That’s probably why the pessimists never win in the long term. Hope isn’t just a trite term for people who can’t handle reality. It’s an attitude for living.

I like to tell my clients that the only difference between excitement and fear is the projected outcome.

The energy is the same- it’s just the projected outcome that’s different. And that projected outcome starts with us.

In our minds, in our hearts, in the way we choose to interpret the world around us. Excitement and curiosity- or fear and dread? It’s our choice- at least more than we think.

One of my favorite stories is this one:

Two boys who were twins, one an incurable optimist, one a pessimist.
The parents were worried about the extremes of behavior and attitude and finally took the boys in to see a psychologist.

The psychologist observed them a while and then said that they could be easily helped. He felt they just needed to adjust to the world by encountering things that would counteract their strong tendencies of optimism and pessimism.

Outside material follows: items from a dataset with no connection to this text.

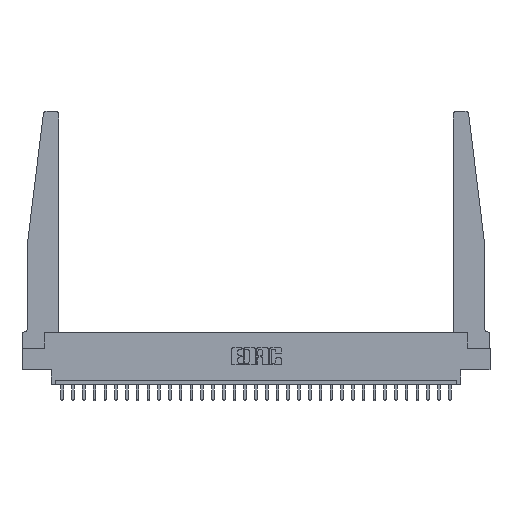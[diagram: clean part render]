
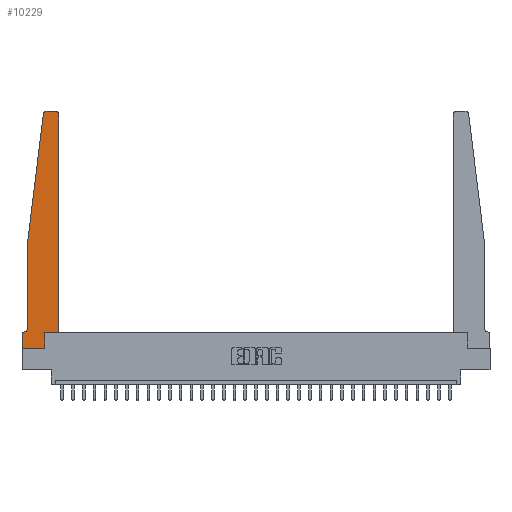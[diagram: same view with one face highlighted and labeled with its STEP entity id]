
A CAD part, top view. The second image highlights one B-rep face of the part: STEP entity #10229.
In plain terms, the highlighted planar face has unit normal (0, 0, 1).
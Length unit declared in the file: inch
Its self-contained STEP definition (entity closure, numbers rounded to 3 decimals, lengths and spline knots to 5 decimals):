
#475 = CIRCLE ( 'NONE', #23759, 0.03 ) ;
#529 = CARTESIAN_POINT ( 'NONE',  ( 0.27653, 2.72, 0.37 ) ) ;
#835 = EDGE_CURVE ( 'NONE', #1255, #3347, #23416, .T. ) ;
#982 = VECTOR ( 'NONE', #22735, 39.37008 ) ;
#1255 = VERTEX_POINT ( 'NONE', #11261 ) ;
#1426 = VERTEX_POINT ( 'NONE', #25449 ) ;
#1629 = CARTESIAN_POINT ( 'NONE',  ( 0.425, 0.18, 0.37 ) ) ;
#2097 = DIRECTION ( 'NONE',  ( 0., 1., 0. ) ) ;
#2564 = CARTESIAN_POINT ( 'NONE',  ( 0.395, 2.75, 0.37 ) ) ;
#2656 = VECTOR ( 'NONE', #2780, 39.37008 ) ;
#2780 = DIRECTION ( 'NONE',  ( 1., 0., 0. ) ) ;
#3347 = VERTEX_POINT ( 'NONE', #11150 ) ;
#3396 = VECTOR ( 'NONE', #15928, 39.37008 ) ;
#3740 = DIRECTION ( 'NONE',  ( 0., 0., 1. ) ) ;
#3944 = DIRECTION ( 'NONE',  ( -1., 0., 0. ) ) ;
#3994 = DIRECTION ( 'NONE',  ( 0., 0., 1. ) ) ;
#4280 = DIRECTION ( 'NONE',  ( 1., 0., 0. ) ) ;
#4640 = LINE ( 'NONE', #21544, #20886 ) ;
#4721 = CARTESIAN_POINT ( 'NONE',  ( 0., 0., 0.37 ) ) ;
#4787 = LINE ( 'NONE', #13962, #982 ) ;
#4930 = VERTEX_POINT ( 'NONE', #10623 ) ;
#5235 = EDGE_CURVE ( 'NONE', #4930, #22684, #20084, .T. ) ;
#5440 = LINE ( 'NONE', #1629, #20649 ) ;
#6105 = CARTESIAN_POINT ( 'NONE',  ( 0.425, 0.18, 0.37 ) ) ;
#6359 = ORIENTED_EDGE ( 'NONE', *, *, #27193, .T. ) ;
#6907 = AXIS2_PLACEMENT_3D ( 'NONE', #23763, #3740, #17024 ) ;
#7056 = VERTEX_POINT ( 'NONE', #16912 ) ;
#7286 = CARTESIAN_POINT ( 'NONE',  ( 0., 0.1875, 0.37 ) ) ;
#7856 = CIRCLE ( 'NONE', #6907, 0.03 ) ;
#8113 = VECTOR ( 'NONE', #10867, 39.37008 ) ;
#8452 = DIRECTION ( 'NONE',  ( 0., -1., 0. ) ) ;
#8470 = ORIENTED_EDGE ( 'NONE', *, *, #26329, .T. ) ;
#9103 = VECTOR ( 'NONE', #2097, 39.37008 ) ;
#9451 = DIRECTION ( 'NONE',  ( 0., 0., 1. ) ) ;
#9632 = CARTESIAN_POINT ( 'NONE',  ( 0.015, 0.1875, 0.37 ) ) ;
#9688 = CARTESIAN_POINT ( 'NONE',  ( 0.425, 0.18, 0.37 ) ) ;
#10203 = LINE ( 'NONE', #22163, #8113 ) ;
#10229 = ADVANCED_FACE ( 'NONE', ( #23145 ), #22994, .T. ) ;
#10623 = CARTESIAN_POINT ( 'NONE',  ( 0.065, 0.2375, 0.37 ) ) ;
#10814 = LINE ( 'NONE', #13316, #9103 ) ;
#10867 = DIRECTION ( 'NONE',  ( -0.122, -0.992, 0. ) ) ;
#11150 = CARTESIAN_POINT ( 'NONE',  ( 0.2605, 0., 0.37 ) ) ;
#11261 = CARTESIAN_POINT ( 'NONE',  ( 0., 0., 0.37 ) ) ;
#11995 = CARTESIAN_POINT ( 'NONE',  ( 0.065, 1.25, 0.37 ) ) ;
#12022 = CARTESIAN_POINT ( 'NONE',  ( 0., 0.1875, 0.37 ) ) ;
#12527 = ORIENTED_EDGE ( 'NONE', *, *, #17844, .T. ) ;
#12932 = VERTEX_POINT ( 'NONE', #2564 ) ;
#13316 = CARTESIAN_POINT ( 'NONE',  ( 0.2605, 0.18, 0.37 ) ) ;
#13646 = EDGE_CURVE ( 'NONE', #7056, #17486, #10203, .T. ) ;
#13791 = EDGE_CURVE ( 'NONE', #15930, #7056, #475, .T. ) ;
#13962 = CARTESIAN_POINT ( 'NONE',  ( 0.25, 2.75, 0.37 ) ) ;
#14009 = CARTESIAN_POINT ( 'NONE',  ( 0.065, 1.25, 0.37 ) ) ;
#14213 = ORIENTED_EDGE ( 'NONE', *, *, #27248, .T. ) ;
#14688 = DIRECTION ( 'NONE',  ( 0., 1., 0. ) ) ;
#14833 = LINE ( 'NONE', #11995, #18642 ) ;
#15122 = CARTESIAN_POINT ( 'NONE',  ( 0.2605, 0.18, 0.37 ) ) ;
#15308 = VERTEX_POINT ( 'NONE', #9688 ) ;
#15471 = DIRECTION ( 'NONE',  ( 0., 0., -1. ) ) ;
#15928 = DIRECTION ( 'NONE',  ( -1., 0., 0. ) ) ;
#15930 = VERTEX_POINT ( 'NONE', #27422 ) ;
#16789 = AXIS2_PLACEMENT_3D ( 'NONE', #26280, #15471, #3944 ) ;
#16877 = AXIS2_PLACEMENT_3D ( 'NONE', #12022, #3994, #4280 ) ;
#16912 = CARTESIAN_POINT ( 'NONE',  ( 0.24675, 2.72367, 0.37 ) ) ;
#17024 = DIRECTION ( 'NONE',  ( 1., 0., 0. ) ) ;
#17080 = ORIENTED_EDGE ( 'NONE', *, *, #21012, .T. ) ;
#17106 = ORIENTED_EDGE ( 'NONE', *, *, #27162, .T. ) ;
#17486 = VERTEX_POINT ( 'NONE', #14009 ) ;
#17608 = ORIENTED_EDGE ( 'NONE', *, *, #20969, .T. ) ;
#17844 = EDGE_CURVE ( 'NONE', #27969, #1255, #4640, .T. ) ;
#18262 = LINE ( 'NONE', #6105, #21314 ) ;
#18503 = DIRECTION ( 'NONE',  ( 0., -1., 0. ) ) ;
#18642 = VECTOR ( 'NONE', #18503, 39.37008 ) ;
#20084 = CIRCLE ( 'NONE', #16789, 0.05 ) ;
#20250 = VERTEX_POINT ( 'NONE', #15122 ) ;
#20649 = VECTOR ( 'NONE', #14688, 39.37008 ) ;
#20886 = VECTOR ( 'NONE', #8452, 39.37008 ) ;
#20969 = EDGE_CURVE ( 'NONE', #17486, #4930, #14833, .T. ) ;
#21012 = EDGE_CURVE ( 'NONE', #12932, #15930, #4787, .T. ) ;
#21314 = VECTOR ( 'NONE', #23860, 39.37008 ) ;
#21512 = ORIENTED_EDGE ( 'NONE', *, *, #835, .T. ) ;
#21544 = CARTESIAN_POINT ( 'NONE',  ( 0., 0., 0.37 ) ) ;
#22146 = EDGE_LOOP ( 'NONE', ( #17080, #25773, #28320, #17608, #23052, #8470, #12527, #21512, #27684, #17106, #6359, #14213 ) ) ;
#22163 = CARTESIAN_POINT ( 'NONE',  ( 0.065, 1.25, 0.37 ) ) ;
#22684 = VERTEX_POINT ( 'NONE', #9632 ) ;
#22735 = DIRECTION ( 'NONE',  ( -1., 0., 0. ) ) ;
#22994 = PLANE ( 'NONE',  #16877 ) ;
#23052 = ORIENTED_EDGE ( 'NONE', *, *, #5235, .T. ) ;
#23145 = FACE_OUTER_BOUND ( 'NONE', #22146, .T. ) ;
#23416 = LINE ( 'NONE', #4721, #2656 ) ;
#23759 = AXIS2_PLACEMENT_3D ( 'NONE', #529, #9451, #24618 ) ;
#23763 = CARTESIAN_POINT ( 'NONE',  ( 0.395, 2.72, 0.37 ) ) ;
#23837 = EDGE_CURVE ( 'NONE', #3347, #20250, #10814, .T. ) ;
#23860 = DIRECTION ( 'NONE',  ( 1., 0., 0. ) ) ;
#24166 = LINE ( 'NONE', #24805, #3396 ) ;
#24618 = DIRECTION ( 'NONE',  ( 1., 0., 0. ) ) ;
#24805 = CARTESIAN_POINT ( 'NONE',  ( 0.065, 0.1875, 0.37 ) ) ;
#25449 = CARTESIAN_POINT ( 'NONE',  ( 0.425, 2.72, 0.37 ) ) ;
#25773 = ORIENTED_EDGE ( 'NONE', *, *, #13791, .T. ) ;
#26280 = CARTESIAN_POINT ( 'NONE',  ( 0.015, 0.2375, 0.37 ) ) ;
#26329 = EDGE_CURVE ( 'NONE', #22684, #27969, #24166, .T. ) ;
#27162 = EDGE_CURVE ( 'NONE', #20250, #15308, #18262, .T. ) ;
#27193 = EDGE_CURVE ( 'NONE', #15308, #1426, #5440, .T. ) ;
#27248 = EDGE_CURVE ( 'NONE', #1426, #12932, #7856, .T. ) ;
#27422 = CARTESIAN_POINT ( 'NONE',  ( 0.27653, 2.75, 0.37 ) ) ;
#27684 = ORIENTED_EDGE ( 'NONE', *, *, #23837, .T. ) ;
#27969 = VERTEX_POINT ( 'NONE', #7286 ) ;
#28320 = ORIENTED_EDGE ( 'NONE', *, *, #13646, .T. ) ;

He said that they had a room filled with all the toys a boy could want. They would put the pessimist in that room and allow him to enjoy life.

They also had another room that they filled with horse manure. They put the optimist in that room. They observed both boys through one way mirrors.

The pessimist continued to be a pessimist, stating that he had no one to play with.

They went to look in on the optimist, and were astounded to find him digging through the manure.

The psychologist ran into the room and asked “What on earth are you doing?”

The boy replied “With all this manure, there HAS to be a pony in here somewhere!”

I love that story.

But I know that sometimes i’m not looking though the manure for the pony. Sometimes I’m just sitting in the manure, disgusted. Because, well, you know, it’s manure.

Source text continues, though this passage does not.